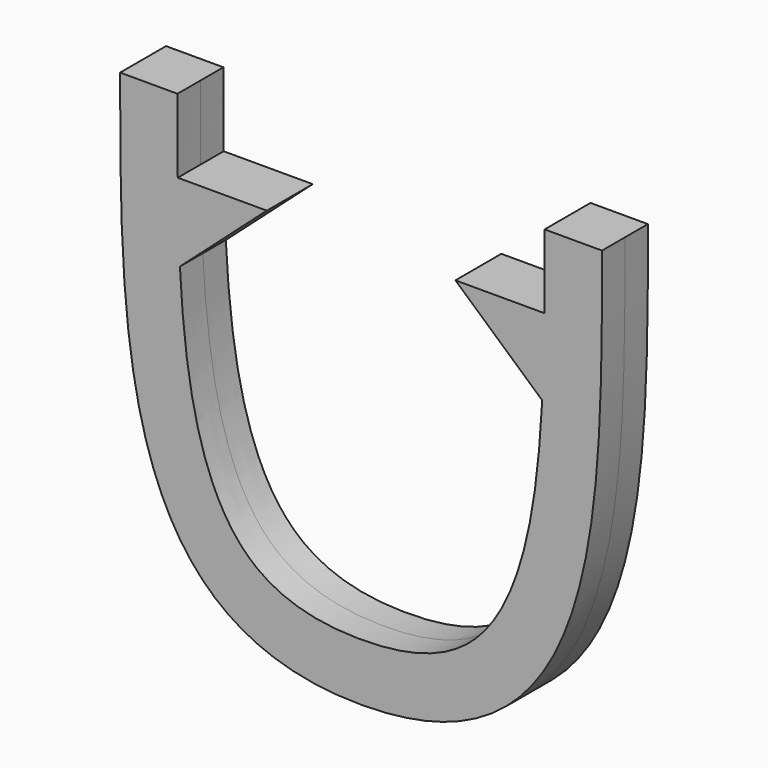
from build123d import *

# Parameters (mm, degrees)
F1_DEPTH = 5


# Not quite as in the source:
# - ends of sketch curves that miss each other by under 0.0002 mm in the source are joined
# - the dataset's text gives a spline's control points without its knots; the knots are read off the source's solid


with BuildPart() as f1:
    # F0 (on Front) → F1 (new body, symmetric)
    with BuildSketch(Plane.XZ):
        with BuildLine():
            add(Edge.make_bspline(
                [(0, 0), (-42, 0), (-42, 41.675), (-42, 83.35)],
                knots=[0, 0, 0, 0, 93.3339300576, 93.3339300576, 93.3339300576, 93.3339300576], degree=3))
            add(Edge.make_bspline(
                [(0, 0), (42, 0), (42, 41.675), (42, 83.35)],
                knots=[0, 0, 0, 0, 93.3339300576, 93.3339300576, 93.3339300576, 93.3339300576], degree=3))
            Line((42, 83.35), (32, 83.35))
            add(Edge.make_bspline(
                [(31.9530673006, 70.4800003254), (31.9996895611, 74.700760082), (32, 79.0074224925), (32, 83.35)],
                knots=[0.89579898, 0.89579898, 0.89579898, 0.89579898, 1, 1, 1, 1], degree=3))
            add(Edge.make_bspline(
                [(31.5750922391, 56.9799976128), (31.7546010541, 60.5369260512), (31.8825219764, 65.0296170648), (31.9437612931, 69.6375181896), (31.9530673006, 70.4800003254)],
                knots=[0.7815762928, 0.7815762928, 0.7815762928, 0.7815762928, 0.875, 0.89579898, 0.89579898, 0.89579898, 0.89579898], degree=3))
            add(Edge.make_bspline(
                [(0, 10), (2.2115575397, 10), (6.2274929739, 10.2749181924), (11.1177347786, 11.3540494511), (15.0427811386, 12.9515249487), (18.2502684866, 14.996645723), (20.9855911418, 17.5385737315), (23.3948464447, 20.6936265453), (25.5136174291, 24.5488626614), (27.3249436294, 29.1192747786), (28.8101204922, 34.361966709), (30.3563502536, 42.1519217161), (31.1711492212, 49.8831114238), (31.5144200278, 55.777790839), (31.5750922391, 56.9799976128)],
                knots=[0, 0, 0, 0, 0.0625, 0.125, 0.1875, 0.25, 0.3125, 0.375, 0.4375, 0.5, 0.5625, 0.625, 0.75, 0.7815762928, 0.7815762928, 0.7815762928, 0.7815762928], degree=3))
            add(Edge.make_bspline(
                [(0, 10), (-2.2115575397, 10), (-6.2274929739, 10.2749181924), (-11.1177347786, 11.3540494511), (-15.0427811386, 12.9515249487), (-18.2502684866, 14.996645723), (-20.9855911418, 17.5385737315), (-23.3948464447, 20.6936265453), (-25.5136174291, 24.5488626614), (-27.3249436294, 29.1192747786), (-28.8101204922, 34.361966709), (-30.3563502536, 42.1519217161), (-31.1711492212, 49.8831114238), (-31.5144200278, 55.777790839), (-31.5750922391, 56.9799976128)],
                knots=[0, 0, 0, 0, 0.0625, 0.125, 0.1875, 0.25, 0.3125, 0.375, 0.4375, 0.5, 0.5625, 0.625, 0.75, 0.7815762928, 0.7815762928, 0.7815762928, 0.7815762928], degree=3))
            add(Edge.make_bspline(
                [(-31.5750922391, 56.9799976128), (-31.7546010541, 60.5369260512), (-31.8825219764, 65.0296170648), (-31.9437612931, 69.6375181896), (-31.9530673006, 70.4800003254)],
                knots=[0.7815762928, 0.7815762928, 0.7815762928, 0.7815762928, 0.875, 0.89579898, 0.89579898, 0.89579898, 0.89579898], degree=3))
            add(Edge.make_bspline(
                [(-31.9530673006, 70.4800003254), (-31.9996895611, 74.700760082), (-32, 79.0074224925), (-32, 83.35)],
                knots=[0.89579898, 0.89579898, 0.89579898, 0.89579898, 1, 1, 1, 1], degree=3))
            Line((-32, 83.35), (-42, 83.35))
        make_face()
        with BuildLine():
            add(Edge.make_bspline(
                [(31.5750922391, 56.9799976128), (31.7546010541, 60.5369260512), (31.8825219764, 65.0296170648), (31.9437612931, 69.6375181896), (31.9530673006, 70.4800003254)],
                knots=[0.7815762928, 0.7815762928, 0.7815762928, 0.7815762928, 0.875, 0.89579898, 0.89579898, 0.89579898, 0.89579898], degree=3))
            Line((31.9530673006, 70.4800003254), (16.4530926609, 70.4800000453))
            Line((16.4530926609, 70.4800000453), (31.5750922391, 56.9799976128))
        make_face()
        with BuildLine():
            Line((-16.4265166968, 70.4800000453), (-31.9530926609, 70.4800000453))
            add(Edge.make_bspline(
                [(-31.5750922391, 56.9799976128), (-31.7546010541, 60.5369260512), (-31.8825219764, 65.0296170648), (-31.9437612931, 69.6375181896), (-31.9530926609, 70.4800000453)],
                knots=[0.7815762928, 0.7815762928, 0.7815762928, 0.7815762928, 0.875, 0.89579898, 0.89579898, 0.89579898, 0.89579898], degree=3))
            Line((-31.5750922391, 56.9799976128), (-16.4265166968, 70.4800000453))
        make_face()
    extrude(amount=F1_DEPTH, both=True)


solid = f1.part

━━━━

The expected answer is one number: the count of lines in the listing that include the string "source".

3